What is Medicare Equitable Relief?

Equitable relief is a process that allows you to request immediate or retroactive Medicare enrollment. Also, it can allow you to request the elimination of the Part B late enrollment penalty.

Who Can Obtain Equitable Relief?

Equitable relief is only for those who have or had Marketplace coverage and are entitled to premium-free Part A. Also, you must have an Initial Enrollment Period that began April 1, 2013, or later. Or, you must have been notified of a retroactive premium-free Part A award on October 1, 2013, or later. To qualify for the penalty reduction, you must have a Part B late enrollment penalty from 2015, 2016, or 2017 General Enrollment Period.

Generally, the penalty is waived, not reduced. Those requesting equitable relief must provide documentation showing enrollment in Marketplace coverage. You must be eligible for Medicare to enroll in Medicare. You can’t get equitable relief if you pay for Part A. Those in an Initial Enrollment Period won’t be eligible because they aren’t subject to a late enrollment penalty.

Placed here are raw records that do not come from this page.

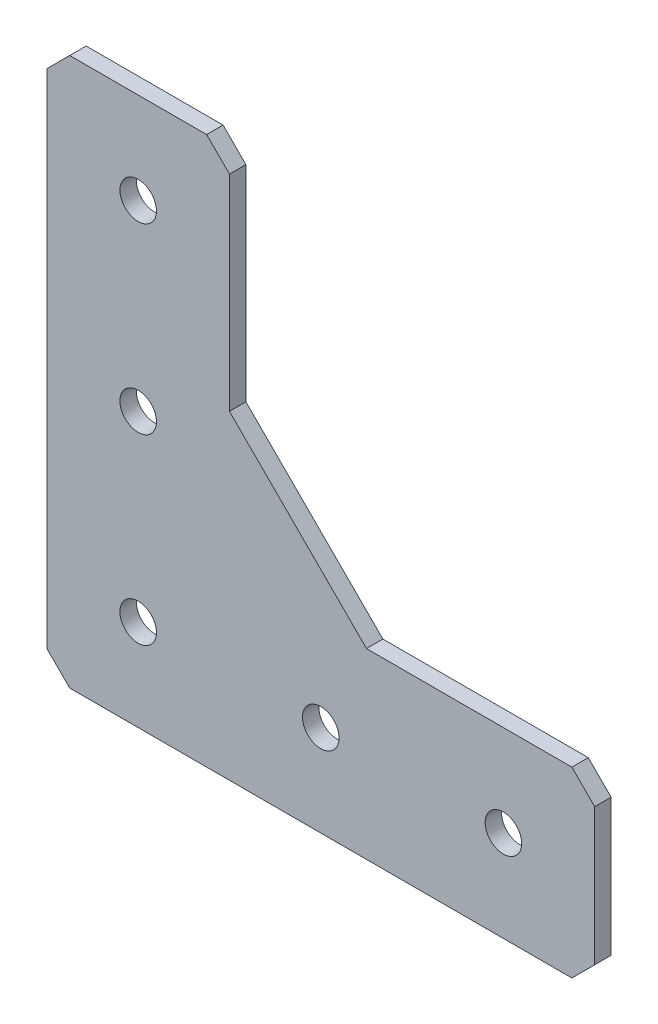
ISO-10303-21;
HEADER;
FILE_DESCRIPTION(('STEP AP214'),'2;1');
FILE_NAME('part.step','',(''),(''),'','','');
FILE_SCHEMA(('AUTOMOTIVE_DESIGN { 1 0 10303 214 1 1 1 1 }'));
ENDSEC;
DATA;
#1=APPLICATION_CONTEXT('core data for automotive mechanical design processes');
#2=APPLICATION_PROTOCOL_DEFINITION('international standard','automotive_design',2000,#1);
#3=PRODUCT_CONTEXT('',#1,'mechanical');
#4=PRODUCT('Part','Part','',(#3));
#5=PRODUCT_RELATED_PRODUCT_CATEGORY('part','',(#4));
#6=PRODUCT_DEFINITION_FORMATION('','',#4);
#7=PRODUCT_DEFINITION_CONTEXT('part definition',#1,'design');
#8=PRODUCT_DEFINITION('design','',#6,#7);
#9=PRODUCT_DEFINITION_SHAPE('','',#8);
#10=(LENGTH_UNIT() NAMED_UNIT(*) SI_UNIT(.MILLI.,.METRE.));
#11=(NAMED_UNIT(*) PLANE_ANGLE_UNIT() SI_UNIT($,.RADIAN.));
#12=(NAMED_UNIT(*) SI_UNIT($,.STERADIAN.) SOLID_ANGLE_UNIT());
#13=UNCERTAINTY_MEASURE_WITH_UNIT(LENGTH_MEASURE(1.E-05),#10,'distance_accuracy_value','');
#14=(GEOMETRIC_REPRESENTATION_CONTEXT(3) GLOBAL_UNCERTAINTY_ASSIGNED_CONTEXT((#13)) GLOBAL_UNIT_ASSIGNED_CONTEXT((#10,
#11,#12)) REPRESENTATION_CONTEXT('',''));
#15=CARTESIAN_POINT('',(0.,0.,0.));
#16=DIRECTION('',(0.,0.,1.));
#17=DIRECTION('',(1.,0.,0.));
#18=AXIS2_PLACEMENT_3D('',#15,#16,#17);
#19=CARTESIAN_POINT('',(44.45,25.4,2.286));
#20=DIRECTION('',(0.,1.,0.));
#21=DIRECTION('',(-1.,0.,0.));
#22=AXIS2_PLACEMENT_3D('',#19,#20,#21);
#23=PLANE('',#22);
#24=DIRECTION('',(1.,0.,0.));
#25=VECTOR('',#24,1.);
#26=CARTESIAN_POINT('',(44.45,25.4,0.));
#27=LINE('',#26,#25);
#28=CARTESIAN_POINT('',(44.45,25.4,0.));
#29=VERTEX_POINT('',#28);
#30=CARTESIAN_POINT('',(73.0249999999999,25.4,0.));
#31=VERTEX_POINT('',#30);
#32=EDGE_CURVE('E156',#29,#31,#27,.T.);
#33=ORIENTED_EDGE('',*,*,#32,.F.);
#34=DIRECTION('',(0.,0.,-1.));
#35=VECTOR('',#34,1.);
#36=CARTESIAN_POINT('',(44.45,25.4,2.286));
#37=LINE('',#36,#35);
#38=CARTESIAN_POINT('',(44.45,25.4,2.286));
#39=VERTEX_POINT('',#38);
#40=EDGE_CURVE('E11',#39,#29,#37,.T.);
#41=ORIENTED_EDGE('',*,*,#40,.F.);
#42=DIRECTION('',(1.,0.,0.));
#43=VECTOR('',#42,1.);
#44=CARTESIAN_POINT('',(44.45,25.4,2.286));
#45=LINE('',#44,#43);
#46=CARTESIAN_POINT('',(73.0249999999999,25.4,2.286));
#47=VERTEX_POINT('',#46);
#48=EDGE_CURVE('E189',#39,#47,#45,.T.);
#49=ORIENTED_EDGE('',*,*,#48,.T.);
#50=DIRECTION('',(0.,0.,-1.));
#51=VECTOR('',#50,1.);
#52=CARTESIAN_POINT('',(73.0249999999999,25.4,2.286));
#53=LINE('',#52,#51);
#54=EDGE_CURVE('E38',#47,#31,#53,.T.);
#55=ORIENTED_EDGE('',*,*,#54,.T.);
#56=EDGE_LOOP('',(#33,#41,#49,#55));
#57=FACE_BOUND('',#56,.T.);
#58=ADVANCED_FACE('F35',(#57),#23,.T.);
#59=CARTESIAN_POINT('',(25.4,44.4500000000001,2.286));
#60=DIRECTION('',(0.707106781186551,0.707106781186544,0.));
#61=DIRECTION('',(-0.707106781186544,0.707106781186551,0.));
#62=AXIS2_PLACEMENT_3D('',#59,#60,#61);
#63=PLANE('',#62);
#64=DIRECTION('',(0.707106781186544,-0.707106781186551,0.));
#65=VECTOR('',#64,1.);
#66=CARTESIAN_POINT('',(25.4,44.4500000000001,0.));
#67=LINE('',#66,#65);
#68=CARTESIAN_POINT('',(25.4,44.4500000000001,0.));
#69=VERTEX_POINT('',#68);
#70=EDGE_CURVE('E187',#69,#29,#67,.T.);
#71=ORIENTED_EDGE('',*,*,#70,.F.);
#72=DIRECTION('',(0.,0.,-1.));
#73=VECTOR('',#72,1.);
#74=CARTESIAN_POINT('',(25.4,44.4500000000001,2.286));
#75=LINE('',#74,#73);
#76=CARTESIAN_POINT('',(25.4,44.4500000000001,2.286));
#77=VERTEX_POINT('',#76);
#78=EDGE_CURVE('E44',#77,#69,#75,.T.);
#79=ORIENTED_EDGE('',*,*,#78,.F.);
#80=DIRECTION('',(0.707106781186544,-0.707106781186551,0.));
#81=VECTOR('',#80,1.);
#82=CARTESIAN_POINT('',(25.4,44.4500000000001,2.286));
#83=LINE('',#82,#81);
#84=EDGE_CURVE('E146',#77,#39,#83,.T.);
#85=ORIENTED_EDGE('',*,*,#84,.T.);
#86=ORIENTED_EDGE('',*,*,#40,.T.);
#87=EDGE_LOOP('',(#71,#79,#85,#86));
#88=FACE_BOUND('',#87,.T.);
#89=ADVANCED_FACE('F209',(#88),#63,.T.);
#90=CARTESIAN_POINT('',(25.4,73.025,2.286));
#91=DIRECTION('',(1.,0.,0.));
#92=DIRECTION('',(0.,1.,0.));
#93=AXIS2_PLACEMENT_3D('',#90,#91,#92);
#94=PLANE('',#93);
#95=DIRECTION('',(0.,-1.,0.));
#96=VECTOR('',#95,1.);
#97=CARTESIAN_POINT('',(25.4,73.025,0.));
#98=LINE('',#97,#96);
#99=CARTESIAN_POINT('',(25.4,73.025,0.));
#100=VERTEX_POINT('',#99);
#101=EDGE_CURVE('E133',#100,#69,#98,.T.);
#102=ORIENTED_EDGE('',*,*,#101,.F.);
#103=DIRECTION('',(0.,0.,-1.));
#104=VECTOR('',#103,1.);
#105=CARTESIAN_POINT('',(25.4,73.025,2.286));
#106=LINE('',#105,#104);
#107=CARTESIAN_POINT('',(25.4,73.025,2.286));
#108=VERTEX_POINT('',#107);
#109=EDGE_CURVE('E128',#108,#100,#106,.T.);
#110=ORIENTED_EDGE('',*,*,#109,.F.);
#111=DIRECTION('',(0.,-1.,0.));
#112=VECTOR('',#111,1.);
#113=CARTESIAN_POINT('',(25.4,73.025,2.286));
#114=LINE('',#113,#112);
#115=EDGE_CURVE('E131',#108,#77,#114,.T.);
#116=ORIENTED_EDGE('',*,*,#115,.T.);
#117=ORIENTED_EDGE('',*,*,#78,.T.);
#118=EDGE_LOOP('',(#102,#110,#116,#117));
#119=FACE_BOUND('',#118,.T.);
#120=ADVANCED_FACE('F130',(#119),#94,.T.);
#121=CARTESIAN_POINT('',(22.225,76.2,2.286));
#122=DIRECTION('',(0.707106781186549,0.707106781186546,0.));
#123=DIRECTION('',(-0.707106781186546,0.707106781186549,0.));
#124=AXIS2_PLACEMENT_3D('',#121,#122,#123);
#125=PLANE('',#124);
#126=DIRECTION('',(0.707106781186546,-0.707106781186549,0.));
#127=VECTOR('',#126,1.);
#128=CARTESIAN_POINT('',(22.225,76.2,0.));
#129=LINE('',#128,#127);
#130=CARTESIAN_POINT('',(22.225,76.2,0.));
#131=VERTEX_POINT('',#130);
#132=EDGE_CURVE('E184',#131,#100,#129,.T.);
#133=ORIENTED_EDGE('',*,*,#132,.F.);
#134=DIRECTION('',(0.,0.,-1.));
#135=VECTOR('',#134,1.);
#136=CARTESIAN_POINT('',(22.225,76.2,2.286));
#137=LINE('',#136,#135);
#138=CARTESIAN_POINT('',(22.225,76.2,2.286));
#139=VERTEX_POINT('',#138);
#140=EDGE_CURVE('E138',#139,#131,#137,.T.);
#141=ORIENTED_EDGE('',*,*,#140,.F.);
#142=DIRECTION('',(0.707106781186546,-0.707106781186549,0.));
#143=VECTOR('',#142,1.);
#144=CARTESIAN_POINT('',(22.225,76.2,2.286));
#145=LINE('',#144,#143);
#146=EDGE_CURVE('E144',#139,#108,#145,.T.);
#147=ORIENTED_EDGE('',*,*,#146,.T.);
#148=ORIENTED_EDGE('',*,*,#109,.T.);
#149=EDGE_LOOP('',(#133,#141,#147,#148));
#150=FACE_BOUND('',#149,.T.);
#151=ADVANCED_FACE('F148',(#150),#125,.T.);
#152=CARTESIAN_POINT('',(3.17500000000003,76.2,2.286));
#153=DIRECTION('',(0.,1.,0.));
#154=DIRECTION('',(0.,0.,1.));
#155=AXIS2_PLACEMENT_3D('',#152,#153,#154);
#156=PLANE('',#155);
#157=DIRECTION('',(1.,0.,0.));
#158=VECTOR('',#157,1.);
#159=CARTESIAN_POINT('',(3.17500000000003,76.2,0.));
#160=LINE('',#159,#158);
#161=CARTESIAN_POINT('',(3.17500000000003,76.2,0.));
#162=VERTEX_POINT('',#161);
#163=EDGE_CURVE('E181',#162,#131,#160,.T.);
#164=ORIENTED_EDGE('',*,*,#163,.F.);
#165=DIRECTION('',(0.,0.,-1.));
#166=VECTOR('',#165,1.);
#167=CARTESIAN_POINT('',(3.17500000000003,76.2,2.286));
#168=LINE('',#167,#166);
#169=CARTESIAN_POINT('',(3.17500000000003,76.2,2.286));
#170=VERTEX_POINT('',#169);
#171=EDGE_CURVE('E193',#170,#162,#168,.T.);
#172=ORIENTED_EDGE('',*,*,#171,.F.);
#173=DIRECTION('',(1.,0.,0.));
#174=VECTOR('',#173,1.);
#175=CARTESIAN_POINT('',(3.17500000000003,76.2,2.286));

How Do I Request Medicare Equitable Relief?

To request equitable relief, you need to write a letter to the local Social Security office detailing the misinformation, causing your enrollment delay. You must be as specific as possible in the letter. You’ll need to include the name of the representative you spoke with, the date and time of the conversation, and any other relevant notes.

Also, provide information indicating if you want to keep your coverage going forward, retroactive coverage, or eliminate the Part B late enrollment penalty. Now, if you do request retroactive coverage, you must pay premiums back to the time coverage begins.

How to Follow Up With a Request for Medicare Equitable Relief?

Social Security doesn’t have to respond to equitable relief requests within any timeframe. Also, they aren’t obligated to send you a formal decision in response to your request.

You will follow up with your request through your local Social Security office about a month after submission. You can also contact a legislative representative, like a member of congress, and ask them about your case.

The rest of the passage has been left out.